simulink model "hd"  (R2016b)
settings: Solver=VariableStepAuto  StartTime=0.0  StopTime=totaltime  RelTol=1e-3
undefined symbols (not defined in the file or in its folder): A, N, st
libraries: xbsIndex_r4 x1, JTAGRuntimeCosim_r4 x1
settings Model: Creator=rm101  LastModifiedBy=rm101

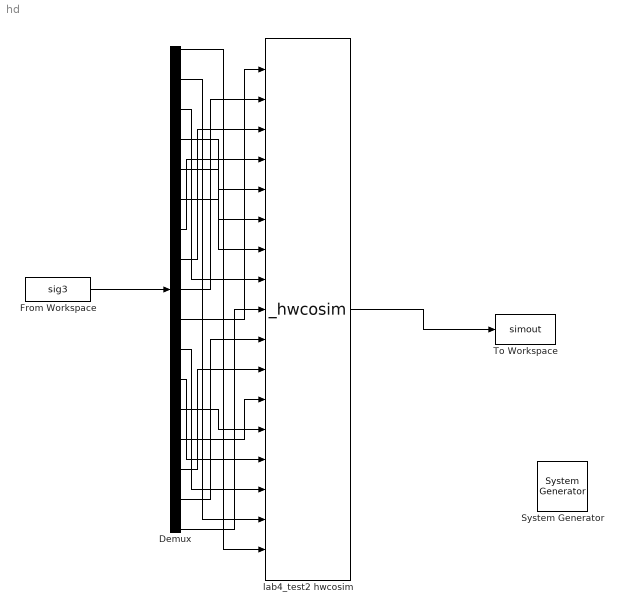
== system hd ==
  " System Generator" : xbsIndex_r4/ System Generator  Tag=genX  xilinxfamily=zynq  part=xc7z020  speed=-1  package=clg484  synthesis_tool=Vivado  clock_wrapper=Clock Enables  directory=C:/Users/rm101/Desktop/YG/Lab4_Matlab/gen  proj_type=Vivado  Synth_file=Vivado Synthesis Defaults  Impl_file=Vivado Implementation Defaults  testbench=off  simulink_period=st  sysclk_period=st*10e8  dcm_input_clock_period=10  incr_netlist=off  trim_vbits=Everywhere in SubSystem  dbl_ovrd=According to Block Masks  core_generation=According to Block Masks  run_coregen=off  deprecated_control=off  eval_field=0  block_type=sysgen
  Demux : Demux  Outputs=17
  From Workspace : FromWorkspace  VariableName=sig3  SampleTime=0  Interpolate=off  OutputAfterFinalValue=Holding final value
  To Workspace : ToWorkspace  VariableName=simout  SaveFormat=Timeseries  SampleTime=-1
  lab4_test2 hwcosim : JTAGRuntimeCosim_r4/_hwcosim  clkSrc=Single Stepped  hasCombinationalPath=on  bitfileName=C:\Users\rm101\Desktop\YG\Lab4_Matlab\gen\lab4_test2.bit  skipConfig=off  dispPartInfo=off  useZynqReconfigScript=on  cable=Auto Detect  speed=N/A  cablePort=N/A  cableLocation=Local  shareCable=off  design_xtable=|  engineDll=JTAGCosimEngine.dll  cableWaitTime=10  bscanPos=-1  IRLengths=[]  useWaitBox=1  hasBufgmux=on  Scheme=Cosim  useCmdProc=1  hasProc=0  useImpact=0  printLogFile=0  userChain=2  block_type=jtagcosim
      | {
      |     'clkWrapper' => 'lab4_test2',
      |     'burstMode' => false,
      |     'burstFifoDepth' => '1024',
      |     'shared_memories' => {},
      |     'clocksGcd' => 1,
      |     'device' => {
      |       'family' => 'zynq',
      |       'part' => 'xc7z020',
      |       'package' => 'clg484',
      |       'speed' => '-1',
      |     },
      |     'ports' => {
      |       'a9' => {
      |         'direction' => 'in',
      |         'width' => 8,
      |         'name' => 'a9',
      |         'period' => 1,
      |         'icon_text' => 'a9',
      |         'type' => 'Fix_8_6',
      |         'arithmetic_type' => 'xlSigned',
      |         'dat_file' => 'lab4_test2_subsystem_a9.dat',
      |         'bin_pt' => 6,
      |         'addr_offset' => 0,
      |         'bd_port_index' => 0,
      |       },
      |       'a8' => {
      |         'direction' => 'in',
      |         'width' => 8,
      |         'name' => 'a8',
      |         'period' => 1,
      |         'icon_text' => 'a8',
      |         'type' => 'Fix_8_6',
      |         'arithmetic_type' => 'xlSigned',
      |         'dat_file' => 'lab4_test2_subsystem_a8.dat',
      |         'bin_pt' => 6,
      |         'addr_offset' => 4,
      |         'bd_port_index' => 1,
      |       },
      |       'a7' => {
      |         'direction' => 'in',
      |         'width' => 8,
      |         'name' => 'a7',
      |         'period' => 1,
      |         'icon_text' => 'a7',
      |         'type' => 'Fix_8_6',
      |         'arithmetic_type' => 'xlSigned',
      |         'dat_file' => 'lab4_test2_subsystem_a7.dat',
      |         'bin_pt' => 6,
      |         'addr_offset' => 8,
      |         'bd_port_index' => 2,
      |       },
      |       'a6' => {
      |         'direction' => 'in',
      |         'width' => 8,
      |         'name' => 'a6',
      |         'period' => 1,
      |         'icon_text' => 'a6',
      |         'type' => 'Fix_8_6',
      |         'arithmetic_type' => 'xlSigned',
      |         'dat_file' => 'lab4_test2_subsystem_a6.dat',
      |         'bin_pt' => 6,
      |         'addr_offset' => 12,
      |         'bd_port_index' => 3,
      |       },
      |       'a5' => {
      |         'direction' => 'in',
      |         'width' => 8,
      |         'name' => 'a5',
      |         'period' => 1,
      |         'icon_text' => 'a5',
      |         'type' => 'Fix_8_6',
      |         'arithmetic_type' => 'xlSigned',
      |         'dat_file' => 'lab4_test2_subsystem_a5.dat',
      |         'bin_pt' => 6,
      |         'addr_offset' => 16,
      |         'bd_port_index' => 4,
      |       },
      |       'a4' => {
      |         'direction' => 'in',
      |         'width' => 8,
      |         'name' => 'a4',
      |         'period' => 1,
      |         'icon_text' => 'a4',
      |         'type' => 'Fix_8_6',
      |         'arithmetic_type' => 'xlSigned',
      |         'dat_file' => 'lab4_test2_subsystem_a4.dat',
      |         'bin_pt' => 6,
      |         'addr_offset' => 20,
      |         'bd_port_index' => 5,
      |       },
      |       'a3' => {
      |         'direction' => 'in',
      |         'width' => 8,
      |         'name' => 'a3',
      |         'period' => 1,
      |         'icon_text' => 'a3',
      |         'type' => 'Fix_8_6',
      |         'arithmetic_type' => 'xlSigned',
      |         'dat_file' => 'lab4_test2_subsystem_a3.dat',
      |         'bin_pt' => 6,
      |         'addr_offset' => 24,
      |         'bd_port_index' => 6,
      |       },
      |       'a2' => {
      |         'direction' => 'in',
      |         'width' => 8,
      |         'name' => 'a2',
      |         'period' => 1,
      |         'icon_text' => 'a2',
      |         'type' => 'Fix_8_6',
      |         'arithmetic_type' => 'xlSigned',
      |         'dat_file' => 'lab4_test2_subsystem_a2.dat',
      |         'bin_pt' => 6,
      |         'addr_offset' => 28,
      |         'bd_port_index' => 7,
      |       },
      |       'a16' => {
      |         'direction' => 'in',
      |         'width' => 8,
      |         'name' => 'a16',
      |         'period' => 1,
      |         'icon_text' => 'a16',
      |         'type' => 'Fix_8_6',
      |         'arithmetic_type' => 'xlSigned',
      |         'dat_file' => 'lab4_test2_subsystem_a16.dat',
      |         'bin_pt' => 6,
      |         'addr_offset' => 32,
      |         'bd_port_index' => 8,
      |       },
      |       'a15' => {
      |         'direction' => 'in',
      |         'width' => 8,
      |         'name' => 'a15',
      |         'period' => 1,
      |         'icon_text' => 'a15',
      |         'type' => 'Fix_8_6',
      |         'arithmetic_type' => 'xlSigned',
      |         'dat_file' => 'lab4_test2_subsystem_a15.dat',
      |         'bin_pt' => 6,
      |         'addr_offset' => 36,
      |         'bd_port_index' => 9,
      |       },
      |       'a14' => {
      |         'direction' => 'in',
      |         'width' => 8,
      |         'name' => 'a14',
      |         'period' => 1,
      |         'icon_text' => 'a14',
      |         'type' => 'Fix_8_6',
      |         'arithmetic_type' => 'xlSigned',
      |         'dat_file' => 'lab4_test2_subsystem_a14.dat',
      |         'bin_pt' => 6,
      |         'addr_offset' => 40,
      |         'bd_port_index' => 10,
      |       },
      |       'a13' => {
      |         'direction' => 'in',
      |         'width' => 8,
      |         'name' => 'a13',
      |         'period' => 1,
      |         'icon_text' => 'a13',
      |         'type' => 'Fix_8_6',
      |         'arithmetic_type' => 'xlSigned',
      |         'dat_file' => 'lab4_test2_subsystem_a13.dat',
      |         'bin_pt' => 6,
      |         'addr_offset' => 44,
      |         'bd_port_index' => 11,
      |       },
      |       'a12' => {
      |         'direction' => 'in',
      |         'width' => 8,
      |         'name' => 'a12',
      |         'period' => 1,
      |         'icon_text' => 'a12',
      |         'type' => 'Fix_8_6',
      |         'arithmetic_type' => 'xlSigned',
      |         'dat_file' => 'lab4_test2_subsystem_a12.dat',
      |         'bin_pt' => 6,
      |         'addr_offset' => 48,
      |         'bd_port_index' => 12,
      |       },
      |       'a11' => {
      |         'direction' => 'in',
      |         'width' => 8,
      |         'name' => 'a11',
      |         'period' => 1,
      |         'icon_text' => 'a11',
      |         'type' => 'Fix_8_6',
      |         'arithmetic_type' => 'xlSigned',
      |         'dat_file' => 'lab4_test2_subsystem_a11.dat',
      |         'bin_pt' => 6,
      |         'addr_offset' => 52,
      |         'bd_port_index' => 13,
      |       },
      |       'a10' => {
      |         'direction' => 'in',
      |         'width' => 8,
      |         'name' => 'a10',
      |         'period' => 1,
      |         'icon_text' => 'a10',
      |         'type' => 'Fix_8_6',
      |         'arithmetic_type' => 'xlSigned',
      |         'dat_file' => 'lab4_test2_subsystem_a10.dat',
      |         'bin_pt' => 6,
      |         'addr_offset' => 56,
      |         'bd_port_index' => 14,
      |       },
      |       'a1' => {
      |         'direction' => 'in',
      |         'width' => 8,
      |         'name' => 'a1',
      |         'period' => 1,
      |         'icon_text' => 'a1',
      |         'type' => 'Fix_8_6',
      |         'arithmetic_type' => 'xlSigned',
      |         'dat_file' => 'lab4_test2_subsystem_a1.dat',
      |         'bin_pt' => 6,
      |         'addr_offset' => 60,
      |         'bd_port_index' => 15,
      |       },
      |       'a' => {
      |         'direction' => 'in',
      |         'width' => 8,
      |         'name' => 'a',
      |         'period' => 1,
      |         'icon_text' => 'a',
      |         'type' => 'Fix_8_6',
      |         'arithmetic_type' => 'xlSigned',
      |         'dat_file' => 'lab4_test2_subsystem_a.dat',
      |         'bin_pt' => 6,
      |         'addr_offset' => 64,
      |         'bd_port_index' => 16,
      |       },
      |       'dout' => {
      |         'direction' => 'out',
      |         'width' => 17,
      |         'name' => 'dout',
      |         'period' => 1,
      |         'icon_text' => 'Dout',
      |         'type' => 'Fix_17_14',
      |         'arithmetic_type' => 'xlSigned',
      |         'dat_file' => 'lab4_test2_subsystem_dout.dat',
      |         'bin_pt' => 14,
      |         'addr_offset' => 68,
      |         'bd_port_index' => 0,
      |       },
      |     },
      |   }
  wires:
  lab4_test2 hwcosim/1 -> To Workspace/1
  From Workspace/1 -> Demux/1
  Demux/1 -> lab4_test2 hwcosim/17
  Demux/2 -> lab4_test2 hwcosim/16
  Demux/3 -> lab4_test2 hwcosim/8
  Demux/4 -> lab4_test2 hwcosim/7
  Demux/5 -> lab4_test2 hwcosim/6
  Demux/6 -> lab4_test2 hwcosim/5
  Demux/7 -> lab4_test2 hwcosim/4
  Demux/8 -> lab4_test2 hwcosim/3
  Demux/9 -> lab4_test2 hwcosim/2
  Demux/10 -> lab4_test2 hwcosim/1
  Demux/11 -> lab4_test2 hwcosim/15
  Demux/12 -> lab4_test2 hwcosim/14
  Demux/13 -> lab4_test2 hwcosim/13
  Demux/14 -> lab4_test2 hwcosim/12
  Demux/15 -> lab4_test2 hwcosim/11
  Demux/16 -> lab4_test2 hwcosim/10
  Demux/17 -> lab4_test2 hwcosim/9

- - - - - - -

Answer with one number only: how many lines above contain the word "Workspace".

#### [Answer to this problem]
4